Contains 1 part Potassium Nitrate, 1 part Potassium Sulfate, 1 part Magnesium Sulfate, 1 part Plantex CSM+B.


why doesn't it have Phosphate too? I went to Greg Watson and bought the PMDD pre-mix, but wonder why monopotassium Phosphate isn't included?

I have a somewhat heavy fish load, lots of light and CO2 - I think I read somewhere that I might get all the phosphate I need from fish waste, so maybe I shouldn't care about phosphate?

David A.


----------



## bigstick120 (Mar 8, 2005)

Plants need PO4 to grow, its not in the PMDD mix because the CSB and PO4 will react and cause a white cloudy mess.


----------



## Adrian (Aug 4, 2006)

*No Phosphate*

The original Sears Conlin work pointed out to phosphate as the source for algae. It stated that for as long as you have your nutrients in check and low phosphate levels then algae will not be a problem. Later this has been proven not to be true (check some readings by Tom Barr on Estimative Index). I overdosed phosphates a few times to 10ppm and no algae infestation happened.

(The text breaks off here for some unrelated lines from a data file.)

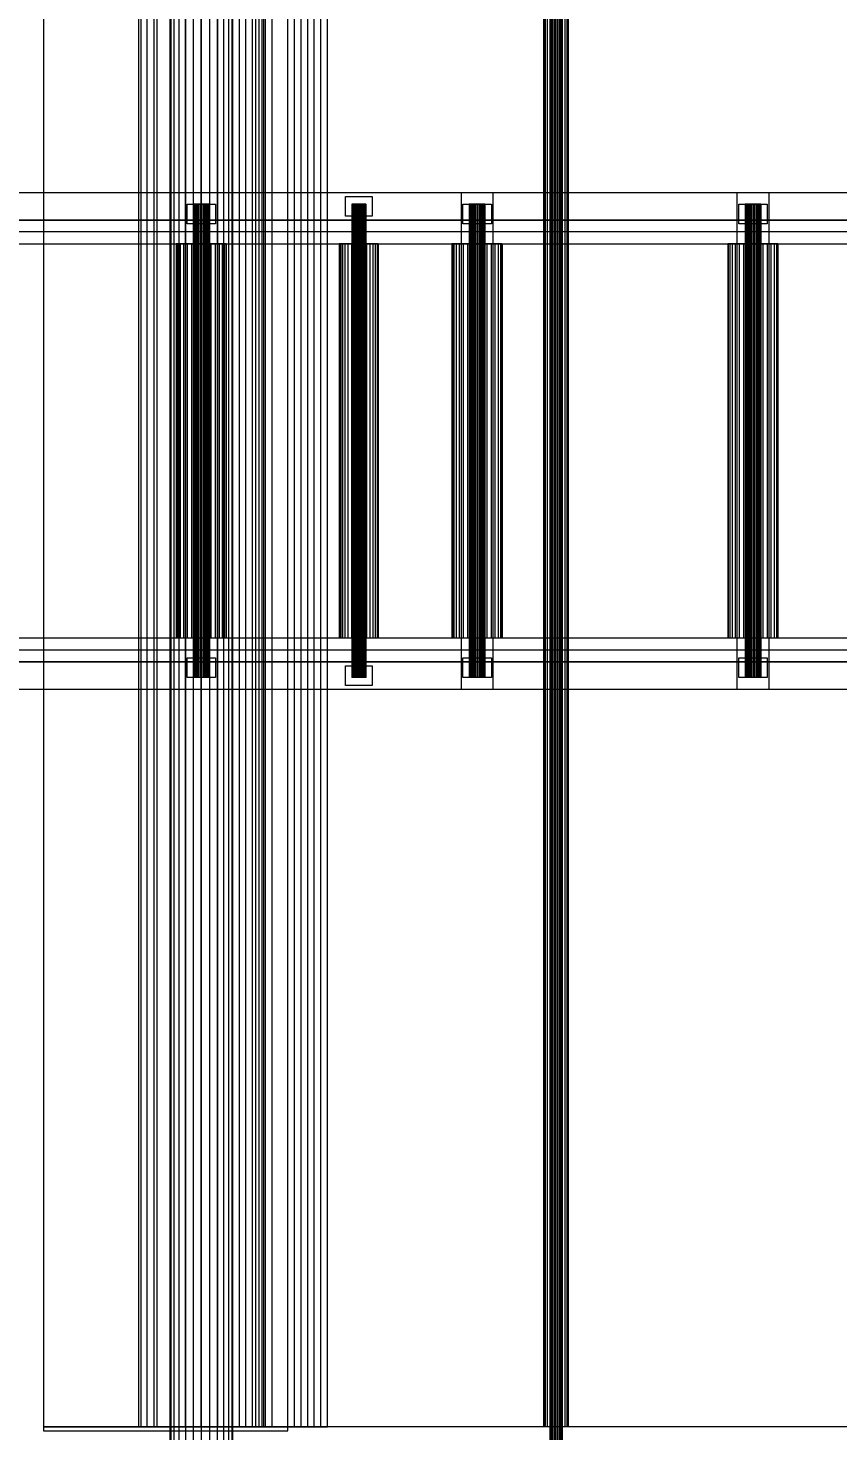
# Model space of a CAD drawing. Header units: millimetres. Extents: x -191664 to 191490, y -197311 to 10263.
# Drawn here: x 1335 to 2362, y -131955 to -130177 of the extents above; entities that cross this region are included whole.
import ezdxf

# ---------------------------------------------------------------- set-up
doc = ezdxf.new("R2010")
doc.units = ezdxf.units.MM
doc.layers.add('DET_secador_superior', color=7, linetype='Continuous', lineweight=0)
doc.layers.add('R15_COTAS_TRANSPORTE_P', color=1, linetype='Continuous', lineweight=0)
doc.dimstyles.new('PLANTA_20', dxfattribs={"dimtxt": 50, "dimasz": 30, "dimexe": 30, "dimexo": 16, "dimgap": 20, "dimtad": 1, "dimtih": 1, "dimtoh": 1, "dimdec": 1, "dimzin": 0, "dimdsep": 46, "dimcen": 0.09, "dimadec": 0, "dimazin": 0, "dimtfac": 1, "dimtdec": 4, "dimtofl": 0, "dimtmove": 0, "dimatfit": 3, "dimfxl": 1, "dimtolj": 1, "dimtzin": 0, "dimarcsym": 0})

# ---------------------------------------------------------------- blocks, each defined once
blk = doc.blocks.new('*D133')
at = {"layer": 'Defpoints', "color": 0, "transparency": 16777216}
for p in [(439.7, -194148), (217.9, -194406.1), (-500, -194490), (-500, -194490), (500, -194490)]:
    blk.add_point(p, dxfattribs=at)
at = {"layer": 'R15_COTAS_TRANSPORTE_P', "color": 0, "lineweight": -2, "transparency": 16777216}
blk.add_arc((-500, -194490), 722.8, 2.3783, 17.6217, dxfattribs=at)
at = {"layer": 'R15_COTAS_TRANSPORTE_P', "color": 0, "transparency": 16777216}
for points in [[(184.1, -194272.8), (193.6, -194269.6), (179.2, -194242.8)], [(227.1, -194459.9), (217.2, -194460.1), (222.8, -194490)]]:
    blk.add_solid(points, dxfattribs=at)

msp = doc.modelspace()

# ---------------------------------------------------------------- linework, layer by layer
at = {"layer": 'DET_secador_superior', "color": 253, "true_color": 0xa4b0b5}
for p, q in [((1514.71, -129340), (1514.71, -132060)), ((1516.08, -129340), (1516.08, -132060)), ((1520.07, -129340), (1520.07, -132060)), ((1526.43, -129340), (1526.43, -132060)), ((1534.71, -129340), (1534.71, -132060)), ((1544.36, -129340), (1544.36, -132060)), ((1554.71, -129340), (1554.71, -132060)), ((1565.06, -129340), (1565.06, -132060)), ((1574.71, -129340), (1574.71, -132060)), ((1583, -129340), (1583, -132060)), ((1589.35, -129340), (1589.35, -132060)), ((1593.35, -129340), (1593.35, -132060)), ((1594.71, -132060), (1594.71, -129340)), ((1996.71, -129380), (1996.71, -132020)), ((1996.98, -129380), (1996.98, -132020)), ((1997.78, -129380), (1997.78, -132020)), ((1999.06, -129380), (1999.06, -132020)), ((2000.71, -129380), (2000.71, -132020)), ((2002.64, -129380), (2002.64, -132020)), ((2004.71, -129380), (2004.71, -132020)), ((2006.78, -129380), (2006.78, -132020)), ((2008.71, -129380), (2008.71, -132020)), ((2010.37, -129380), (2010.37, -132020)), ((2011.64, -129380), (2011.64, -132020)), ((2012.44, -129380), (2012.44, -132020)), ((2012.71, -132020), (2012.71, -129380)), ((1475.21, -129450), (1475.21, -131950)), ((1477.92, -129450), (1477.92, -131950)), ((1485.86, -129450), (1485.86, -131950)), ((1498.5, -129450), (1498.5, -131950)), ((1514.96, -129450), (1514.96, -131950)), ((1534.14, -129450), (1534.14, -131950)), ((1575.29, -129450), (1575.29, -131950)), ((1594.46, -129450), (1594.46, -131950)), ((1610.93, -129450), (1610.93, -131950)), ((1623.56, -129450), (1623.56, -131950)), ((1631.5, -129450), (1631.5, -131950)), ((1634.21, -131950), (1634.21, -129450)), ((1988.71, -129450), (1988.71, -131950)), ((1989.26, -129450), (1989.26, -131950)), ((1990.86, -129450), (1990.86, -131950)), ((1993.4, -129450), (1993.4, -131950)), ((1996.71, -129450), (1996.71, -131950)), ((2000.57, -129450), (2000.57, -131950)), ((2004.71, -129450), (2004.71, -131950)), ((2008.85, -129450), (2008.85, -131950)), ((2012.71, -129450), (2012.71, -131950)), ((2016.03, -129450), (2016.03, -131950)), ((2018.57, -129450), (2018.57, -131950)), ((2020.17, -129450), (2020.17, -131950)), ((2020.71, -131950), (2020.71, -129450)), ((1477.92, -131950), (1475.21, -131950)), ((1485.86, -131950), (1477.92, -131950)), ((1498.5, -131950), (1485.86, -131950)), ((1514.96, -131950), (1498.5, -131950)), ((1534.14, -131950), (1514.96, -131950)), ((1554.71, -131950), (1534.14, -131950)), ((1575.29, -131950), (1554.71, -131950)), ((1594.46, -131950), (1575.29, -131950)), ((1610.93, -131950), (1594.46, -131950)), ((1623.56, -131950), (1610.93, -131950)), ((1631.5, -131950), (1623.56, -131950)), ((1634.21, -131950), (1631.5, -131950)), ((1989.26, -131950), (1988.71, -131950)), ((1990.86, -131950), (1989.26, -131950)), ((1993.4, -131950), (1990.86, -131950)), ((1996.71, -131950), (1993.4, -131950)), ((2000.57, -131950), (1996.71, -131950)), ((2004.71, -131950), (2000.57, -131950)), ((2008.85, -131950), (2004.71, -131950)), ((2012.71, -131950), (2008.85, -131950)), ((2016.03, -131950), (2012.71, -131950)), ((2018.57, -131950), (2016.03, -131950)), ((2020.17, -131950), (2018.57, -131950)), ((2020.71, -131950), (2020.17, -131950))]:
    msp.add_line(p, q, dxfattribs=at)
at = {"layer": 'DET_secador_superior', "color": 253, "true_color": 0xa8b3b5}
for p, q in [((1354.71, -129450), (1354.71, -131950)), ((1494.71, -129450), (1494.71, -131950)), ((1594.71, -131950), (1594.71, -129450)), ((1664.71, -131950), (1664.71, -129450)), ((1354.71, -131950), (1594.71, -131950)), ((1354.71, -131950), (1354.71, -131955)), ((1494.71, -131950), (1354.71, -131950)), ((1354.71, -131950), (1664.71, -131950)), ((1354.71, -131955), (1594.71, -131955)), ((1354.71, -131955), (1664.71, -131955)), ((1594.71, -131955), (1594.71, -131950)), ((1664.71, -131955), (1664.71, -131950))]:
    msp.add_line(p, q, dxfattribs=at)
at = {"layer": 'DET_secador_superior', "color": 8, "true_color": 0x727f77}
for p, q in [((1554.71, -131950), (1554.71, -129450)), ((20654.71, -131950), (1554.71, -131950))]:
    msp.add_line(p, q, dxfattribs=at)
at = {"layer": 'DET_secador_superior', "color": 9, "true_color": 0xc7cdbf}
for p, q in [((1603.05, -131950), (1603.05, -129450)), ((1611.38, -131950), (1611.38, -129450)), ((1619.71, -131950), (1619.71, -129450)), ((1628.05, -131950), (1628.05, -129450)), ((1636.38, -131950), (1636.38, -129450)), ((1644.71, -131950), (1644.71, -129450)), ((1673.05, -131950), (1673.05, -129450)), ((1681.38, -131950), (1681.38, -129450)), ((1689.71, -131950), (1689.71, -129450)), ((1698.05, -131950), (1698.05, -129450)), ((1706.38, -131950), (1706.38, -129450)), ((1714.71, -131950), (1714.71, -129450)), ((1594.71, -131950), (1603.05, -131950)), ((1603.05, -131950), (1611.38, -131950)), ((1611.38, -131950), (1619.71, -131950)), ((1619.71, -131950), (1628.05, -131950)), ((1628.05, -131950), (1636.38, -131950)), ((1636.38, -131950), (1644.71, -131950)), ((1664.71, -131950), (1673.05, -131950)), ((1673.05, -131950), (1681.38, -131950)), ((1681.38, -131950), (1689.71, -131950)), ((1689.71, -131950), (1698.05, -131950)), ((1698.05, -131950), (1706.38, -131950)), ((1706.38, -131950), (1714.71, -131950))]:
    msp.add_line(p, q, dxfattribs=at)
at = {"layer": 'DET_secador_superior', "color": 157, "true_color": 0x435b68}
for p, q in [((1004.71, -130385), (3672.6, -130385)), ((3672.6, -130420), (1004.71, -130420)), ((1004.71, -130980), (3672.6, -130980)), ((3672.6, -131015), (1004.71, -131015))]:
    msp.add_line(p, q, dxfattribs=at)
at = {"layer": 'DET_secador_superior', "color": 253, "true_color": 0xa6b3ba}
for p, q in [((1534.71, -131015), (1534.71, -130385)), ((1534.71, -130385), (1574.71, -130385)), ((1574.71, -130385), (1574.71, -131015)), ((1737.71, -130415), (1737.71, -130390)), ((1737.71, -130390), (1771.71, -130390)), ((1771.71, -130390), (1771.71, -130415)), ((1884.71, -131015), (1884.71, -130385)), ((1884.71, -130385), (1924.71, -130385)), ((1924.71, -130385), (1924.71, -131015)), ((2234.71, -131015), (2234.71, -130385)), ((2234.71, -130385), (2274.71, -130385)), ((2274.71, -130385), (2274.71, -131015)), ((1536.71, -130425), (1536.71, -130400)), ((1536.71, -130400), (1572.71, -130400)), ((1572.71, -130400), (1572.71, -130425)), ((1886.71, -130425), (1886.71, -130400)), ((1886.71, -130400), (1922.71, -130400)), ((1922.71, -130400), (1922.71, -130425)), ((2236.71, -130425), (2236.71, -130400)), ((2236.71, -130400), (2272.71, -130400)), ((2272.71, -130400), (2272.71, -130425)), ((1572.71, -130425), (1536.71, -130425)), ((1771.71, -130415), (1737.71, -130415)), ((1922.71, -130425), (1886.71, -130425)), ((2272.71, -130425), (2236.71, -130425)), ((1536.71, -131000), (1536.71, -130975)), ((1536.71, -130975), (1572.71, -130975)), ((1572.71, -130975), (1572.71, -131000)), ((1886.71, -131000), (1886.71, -130975)), ((1886.71, -130975), (1922.71, -130975)), ((1922.71, -130975), (1922.71, -131000)), ((2236.71, -131000), (2236.71, -130975)), ((2236.71, -130975), (2272.71, -130975)), ((2272.71, -130975), (2272.71, -131000)), ((1737.71, -131010), (1737.71, -130985)), ((1737.71, -130985), (1771.71, -130985)), ((1771.71, -130985), (1771.71, -131010)), ((1574.71, -131015), (1534.71, -131015)), ((1572.71, -131000), (1536.71, -131000)), ((1771.71, -131010), (1737.71, -131010)), ((1924.71, -131015), (1884.71, -131015)), ((1922.71, -131000), (1886.71, -131000)), ((2274.71, -131015), (2234.71, -131015)), ((2272.71, -131000), (2236.71, -131000))]:
    msp.add_line(p, q, dxfattribs=at)
at = {"layer": 'DET_secador_superior', "color": 253, "true_color": 0xa8b4b9}
for p, q in [((1544.9, -130400), (1544.71, -130400)), ((1544.71, -130400), (1544.71, -131000)), ((1545.47, -130400), (1544.9, -130400)), ((1544.9, -130400), (1544.9, -131000)), ((1546.4, -130400), (1545.47, -130400)), ((1545.47, -130400), (1545.47, -131000)), ((1547.64, -130400), (1546.4, -130400)), ((1546.4, -130400), (1546.4, -131000)), ((1549.16, -130400), (1547.64, -130400)), ((1547.64, -130400), (1547.64, -131000)), ((1550.89, -130400), (1549.16, -130400)), ((1549.16, -130400), (1549.16, -131000)), ((1552.76, -130400), (1550.89, -130400)), ((1550.89, -130400), (1550.89, -131000)), ((1554.71, -130400), (1552.76, -130400)), ((1552.76, -130400), (1552.76, -131000)), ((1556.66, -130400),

To answer whether you have enough phosphates - it depends on other nutrients, especially light. You can run a beautiful low tech tank with fairly low level of light and using only what the fish will provide as a fertilizer, or you can have plenty of light and fast growth but this requires other nutrients to follow - CO2, NPK and macro.

Hope this helps,

Adrian


----------



## David W. A. (Aug 22, 2006)

I think the underlying question is - do I need Phosphate? 

In another posting it was suggested that I do, but I wasn't keen enough to see that the PMDD mix from Watson didn't include Phosphate when I ordered it. Seems strange that if it is an important element why isn't in the mix - old issue or not. 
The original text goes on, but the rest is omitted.